◆ AVAILABLE RECORDS
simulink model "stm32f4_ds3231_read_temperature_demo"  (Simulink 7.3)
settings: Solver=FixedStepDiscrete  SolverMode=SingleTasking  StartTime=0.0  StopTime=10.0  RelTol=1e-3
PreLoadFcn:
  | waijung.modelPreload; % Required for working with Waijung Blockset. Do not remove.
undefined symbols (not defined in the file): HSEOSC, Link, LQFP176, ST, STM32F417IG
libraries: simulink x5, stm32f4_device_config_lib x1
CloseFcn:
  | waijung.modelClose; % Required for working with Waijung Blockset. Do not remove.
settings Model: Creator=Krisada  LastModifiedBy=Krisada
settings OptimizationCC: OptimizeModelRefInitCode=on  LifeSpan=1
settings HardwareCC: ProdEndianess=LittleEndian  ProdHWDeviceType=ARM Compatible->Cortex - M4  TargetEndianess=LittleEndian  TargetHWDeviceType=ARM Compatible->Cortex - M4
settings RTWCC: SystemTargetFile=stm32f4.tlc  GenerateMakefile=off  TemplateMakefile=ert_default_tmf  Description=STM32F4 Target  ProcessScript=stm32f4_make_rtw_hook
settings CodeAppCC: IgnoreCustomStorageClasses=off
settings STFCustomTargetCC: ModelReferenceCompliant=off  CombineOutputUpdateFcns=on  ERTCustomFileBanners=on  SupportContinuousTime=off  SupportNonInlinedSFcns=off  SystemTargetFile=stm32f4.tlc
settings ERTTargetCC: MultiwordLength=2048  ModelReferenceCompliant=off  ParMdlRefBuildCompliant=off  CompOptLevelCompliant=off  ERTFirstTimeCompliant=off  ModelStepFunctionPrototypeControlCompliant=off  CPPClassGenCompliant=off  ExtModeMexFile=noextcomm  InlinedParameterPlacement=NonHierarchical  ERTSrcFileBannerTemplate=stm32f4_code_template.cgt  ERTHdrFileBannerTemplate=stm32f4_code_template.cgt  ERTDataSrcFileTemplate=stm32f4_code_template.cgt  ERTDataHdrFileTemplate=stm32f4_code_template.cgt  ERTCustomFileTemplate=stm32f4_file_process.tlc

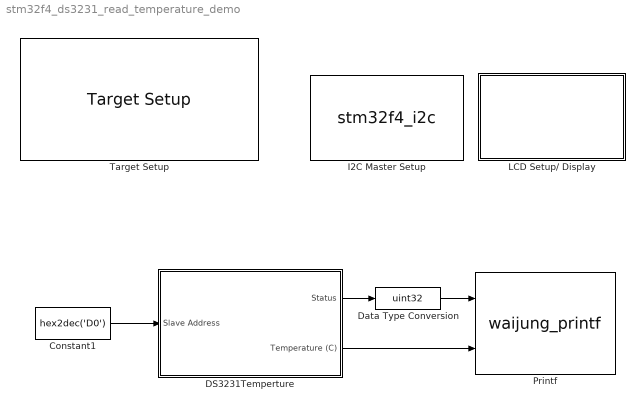
== system stm32f4_ds3231_read_temperature_demo ==
  Constant1 : Constant  Value=hex2dec('D0')  OutDataTypeMode=uint8  OutDataType=fixdt(1, 16)  OutScaling=2^0  OutDataTypeStr=uint8  SampleTime=0.5
  DS3231Temperture : Subsystem  mask{blockfunction=temp, module=1}
      mask prompts: blockfunction "Function"; module "I2C module"
      mask help:
      | The block implement temperature reading from DS3231 (Extremely Accurate RTC).
      | Its override the CONV bit, to force the temperature update, so the recommend sample time for this block is more than 0.5 seconds.
      | To get reading value from DS3231 device, this block generate 3 transaction of I2C as below:
      | 1. Read 2 bytes data from register 0x11 and 0x12 (Sequential read).
      | 2. Read 1 byte data from register 0x0F (Status) for poll BSY bit.
      | 3. Write 1 byte data to register 0x0E to force temperature conversion, CONV bit.
      mask init:
      | amg_high_precision_rtc_callback('init');
      mask StyleString: popup(temp|time|date),popup(1|2|3)
      mask CallbackString: |amg_high_precision_rtc_callback('module');
      mask Display: text(0.5, 0.5, 'Port: I2C1','ver','middle','hor','center');port_label('input', 1,'SlvAddr');port_label('output', 1,'Status');port_label('output', 2,'Temp (C)');
  Data Type Conversion : DataTypeConversion  OutDataTypeMode=uint32  OutDataType=fixdt(1, 16)  OutScaling=2^0  OutDataTypeStr=uint32
  I2C Master Setup : S-Function  FunctionName=stm32f4_i2c  Parameters=configuration,module,transfer,clkspeed,timeout,sdapin,sclpin,writecount,readcount,inputtypearray,outputtypearray,confstr,sampletime,sampletimestr,blockid  EnableBusSupport=off  mask(stm32f4_i2c){configuration=Setup, module=1, lastmodule=1, transfer=Blocking, dutycycle=TLow/THigh = 2, clkspeed=400, timeout=25, writecount=0, readcount=0, sdapin=B7, sclpin=B6, waitwritetime=0, inputtypearray=[0], outputtypearray=[0], confstr=["B","7","B","6","1","1","6","0","I2C_DutyCycle_2","0","off"], sampletime=-1, sampletimestr=0.01, blockid=I2CMasterSetup}
      mask prompts: module "I2C Module"; lastmodule "Last module"; transfer "Transfer mode"; dutycycle "Duty cycle in fast mode"; clkspeed "Clock speed (kHz)"; timeout "Timeout (ms)"; writecount "Bytes write count"; readcount "Bytes read count"; sdapin "SDA pin"; sclpin "SCL pin"; waitwritetime "Wait write time (ms), default is 0"; inputtypearray "Input type array"; outputtypearray "Output type array"; confstr "Configuration string"; sampletime "Sample time (sec)"; sampletimestr "Compiled sample time (sec) in string"
      mask init:
      | stm32f4_i2c_callback('init');
      mask Help: web(fullfile(waijungdocroot,'stm32f4_i2c_setup.htm'), '-browser')
      mask StyleString: popup(Setup|Transaction),popup(1|2|3),edit,popup(Blocking|Non-blocking),popup(TLow/THigh = 16/9|TLow/THigh = 2),edit,edit,edit,edit,popup(Not used|B7|B9),popup(Not used|B6|B8),edit,edit,edit,edit,edit,edit,edit
      mask CallbackString: stm32f4_i2c_callback('configuration');|stm32f4_i2c_callback('module');|||stm32f4_i2c_callback('dutycycle');|||stm32f4_i2c_callback('writecount');|stm32f4_i2c_callback('readcount');|stm32f4_i2c_callback('sdapin');|stm32f4_i2c_callback('sclpin');||||stm32f4_i2c_callback('confstr');|stm32f4_i2c_callback('sampletime');|stm32f4_i2c_callback('sampletimestr');|stm32f4_i2c_callback('blockid');
      mask Display: text(0.5, 0.5, 'Module: I2C1\nClock: 400kHz\nSDA/SCL Pin: B7/B6','ver','middle','hor','center');
  LCD Setup/ Display : Subsystem
  Printf : S-Function  FunctionName=waijung_printf  Parameters=storagename,printfformat,formatcode,varname,sampletime,sampletimestr,blockid  EnableBusSupport=off  mask(waijung_printf){storagename=S, printfformat=Status:%u, %1.2fC, formatcode=uf, varname=LCDSetupDisplayVolatileDataStorage_S, sampletime=-1, sampletimestr=0.5, blockid=Printf}
      mask prompts: storagename "Storage Name"; printfformat "Printf format"; formatcode "Printf format code"; varname "Variable name"; sampletime "Sample time (sec)"; sampletimestr "Compiled sample time (sec) in string"
      mask help: This block implements printf command.
      mask init:
      | waijung_printf_callback('init');
      mask Help: web(fullfile(waijungdocroot,'waijung_printf.htm'))
      mask StyleString: popup(S),edit,edit,edit,edit,edit,edit
      mask CallbackString: waijung_printf_callback('storagename');|waijung_printf_callback('printfformat');|waijung_printf_callback('formatcode');|waijung_printf_callback('varname');|waijung_printf_callback('sampletime');|waijung_printf_callback('sampletimestr');|waijung_printf_callback('blockid');
      mask Display: text(0.95, 0.5, 'Buffer: S\nTs (sec): 0.5','ver','middle','hor','right');port_label('input',1,'D1(%u)');port_label('input',2,'D2(%f)');
  Target Setup : stm32f4_device_config_lib/Target Setup  Priority=100  compiler=GNU ARM  previous_compiler=GNU ARM  mcu=STM32F417IG (LQFP176)  mcustr=STM32F417IG  clockconfig=HSEOSC-8MHz  system_stm32f4xx_c_path=F:\trunk\targets\stm32f4_target\stm32f4\utils\system_stm32f4xx_default\STM32F40_41xxx\hseosc8mhz  showmemoryconfiguration=off  stacksize=0x400  heapsize=0x200  enableautocompiledownload=on  fullchiperase=off  programmerinterface=ST-Link  editctrlstr=on  compilercontrolstr=$(patsubst %, -I%, .) -mcpu=cortex-m4 -mthumb -mthumb-interwork -mfloat-abi=hard -mfpu=fpv4-sp-d16 -ffast-math -Wall -Wextra -Ofast  assemblercontrolstr=$(patsubst %, -I%, .) -mcpu=cortex-m4 -mthumb -mthumb-interwork -mfloat-abi=hard -mfpu=fpv4-sp-d16 -ffast-math -Wall -Wextra -Ofast -Wa,-amhls=$(<:.s=.lst) -D__STACK_SIZE=$(STACK_SIZE) -D__HEAP_SIZE=$(HEAP_SIZE)  linkercontrolstr=-T$(LD_SCRIPT) -g -Wl,-Map=$(MAP),--cref,--no-warn-mismatch -mcpu=cortex-m4 -mthumb -mthumb-interwork -mfloat-abi=hard -mfpu=fpv4-sp-d16 -specs=nosys.specs  runafterdownload=on  execprofile=None  profileruart=1  profilerbaud=115200  profilertxpin=D8  profilerinitstr=0.01,168000000,1680000,115200,0  manualsetsampletime=off  sampletime=0.01  blockid=TargetSetup  systickreloadvalue=1680000  hseval=8000000  lastprofileruart=1  hclk=168000000  flashorigin=0x8000000  flashlength=1024k  ramorigin=0x20000000  ramlength=128k  useextram=off
  wires:
  Data Type Conversion/1 -> Printf/1
  DS3231Temperture/2(Temperature (C)) -> Printf/2
  DS3231Temperture/1(Status) -> Data Type Conversion/1
  Constant1/1 -> DS3231Temperture/1(Slave Address)

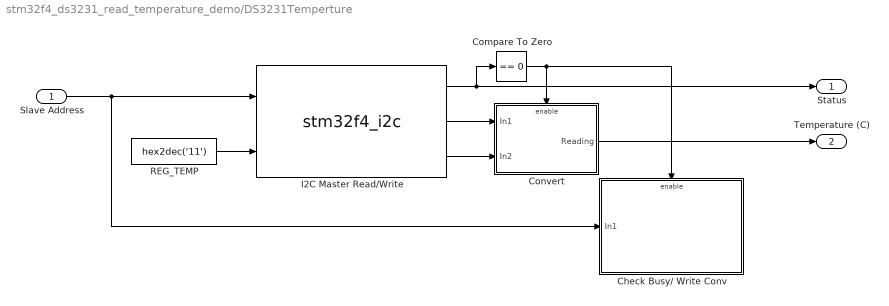
== system stm32f4_ds3231_read_temperature_demo/DS3231Temperture ==
  Slave Address : Inport  OutDataType=fixdt(1, 16)  OutScaling=2^0
  Check Busy/ Write Conv : Subsystem
  Compare To Zero : simulink/Logic and Bit Operations/Compare To Zero  SystemSampleTime=-1  relop===  LogicOutDataTypeMode=uint8  ZeroCross=off
  Convert : Subsystem  TreatAsAtomicUnit=on
  I2C Master Read/Write : S-Function  FunctionName=stm32f4_i2c  Parameters=configuration,module,transfer,clkspeed,timeout,sdapin,sclpin,writecount,readcount,inputtypearray,outputtypearray,confstr,sampletime,sampletimestr,blockid  EnableBusSupport=off  mask(stm32f4_i2c){configuration=Transaction, module=1, lastmodule=3, transfer=Blocking, dutycycle=TLow/THigh = 2, clkspeed=400, timeout=25, writecount=1, readcount=2, sdapin=C9, sclpin=A8, waitwritetime=0, inputtypearray=[2 3 3], outputtypearray=[3 3 3 3], confstr=["C","9","A","8","1","1","6","0","I2C_DutyCycle_2","0","off"], sampletime=-1, sampletimestr=0.5, blockid=DS3231TempertureI2CMasterReadWrite}
      mask prompts: module "I2C Module"; lastmodule "Last module"; transfer "Transfer mode"; dutycycle "Duty cycle in fast mode"; clkspeed "Clock speed (kHz)"; timeout "Timeout (ms)"; writecount "Bytes write count"; readcount "Bytes read count"; sdapin "SDA pin"; sclpin "SCL pin"; waitwritetime "Wait write time (ms), default is 0"; inputtypearray "Input type array"; outputtypearray "Output type array"; confstr "Configuration string"; sampletime "Sample time (sec)"; sampletimestr "Compiled sample time (sec) in string"
      mask init:
      | stm32f4_i2c_callback('init');
      mask Help: web(fullfile(waijungdocroot,'stm32f4_i2c_readwrite.htm'), '-browser')
      mask StyleString: popup(Setup|Transaction),popup(1|2|3),edit,popup(Blocking|Non-blocking),popup(TLow/THigh = 16/9|TLow/THigh = 2),edit,edit,edit,edit,popup(-|C9),popup(-|A8),edit,edit,edit,edit,edit,edit,edit
      mask CallbackString: stm32f4_i2c_callback('configuration');|stm32f4_i2c_callback('module');|||stm32f4_i2c_callback('dutycycle');|||stm32f4_i2c_callback('writecount');|stm32f4_i2c_callback('readcount');|stm32f4_i2c_callback('sdapin');|stm32f4_i2c_callback('sclpin');||||stm32f4_i2c_callback('confstr');|stm32f4_i2c_callback('sampletime');|stm32f4_i2c_callback('sampletimestr');|stm32f4_i2c_callback('blockid');
      mask Display: text(0.5, 0.5, 'Module: I2C1\nTransfer: Blocking\nWrite: 1 bytes\nRead: 2 bytes\nTs (sec): 0.5','ver','middle','hor','center');port_label('input', 1,'SlvAddr');port_label('input', 2,'Wr0 (uint8)');port_label('output', 1,'Status');port_label('output', 2,'Rd0 (uint8)');port_label('output', 3,'Rd1 (uint8)');
  REG_TEMP : Constant  Value=hex2dec('11')  OutDataTypeMode=uint8  OutDataType=fixdt(1, 16)  OutScaling=2^0  OutDataTypeStr=uint8
  Status : Outport
  Temperature (C) : Outport  Port=2
  wires:
  Convert/1(Reading) -> Temperature (C)/1
  I2C Master Read/Write/3 -> Convert/2(In2)
  I2C Master Read/Write/2 -> Convert/1(In1)
  Compare To Zero/1 -> Check Busy/ Write Conv/Enable, Convert/Enable
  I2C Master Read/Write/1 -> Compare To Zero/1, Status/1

◆ PROBLEM TO SOLVE
If a line comes after the one containing "settings STFCustomTargetCC: ModelReferenceCompliant=off", leave it out; set down every line of the data before it, and that line itself, exactly.

◆ RESULT
simulink model "stm32f4_ds3231_read_temperature_demo"  (Simulink 7.3)
settings: Solver=FixedStepDiscrete  SolverMode=SingleTasking  StartTime=0.0  StopTime=10.0  RelTol=1e-3
PreLoadFcn:
  | waijung.modelPreload; % Required for working with Waijung Blockset. Do not remove.
undefined symbols (not defined in the file): HSEOSC, Link, LQFP176, ST, STM32F417IG
libraries: simulink x5, stm32f4_device_config_lib x1
CloseFcn:
  | waijung.modelClose; % Required for working with Waijung Blockset. Do not remove.
settings Model: Creator=Krisada  LastModifiedBy=Krisada
settings OptimizationCC: OptimizeModelRefInitCode=on  LifeSpan=1
settings HardwareCC: ProdEndianess=LittleEndian  ProdHWDeviceType=ARM Compatible->Cortex - M4  TargetEndianess=LittleEndian  TargetHWDeviceType=ARM Compatible->Cortex - M4
settings RTWCC: SystemTargetFile=stm32f4.tlc  GenerateMakefile=off  TemplateMakefile=ert_default_tmf  Description=STM32F4 Target  ProcessScript=stm32f4_make_rtw_hook
settings CodeAppCC: IgnoreCustomStorageClasses=off
settings STFCustomTargetCC: ModelReferenceCompliant=off  CombineOutputUpdateFcns=on  ERTCustomFileBanners=on  SupportContinuousTime=off  SupportNonInlinedSFcns=off  SystemTargetFile=stm32f4.tlc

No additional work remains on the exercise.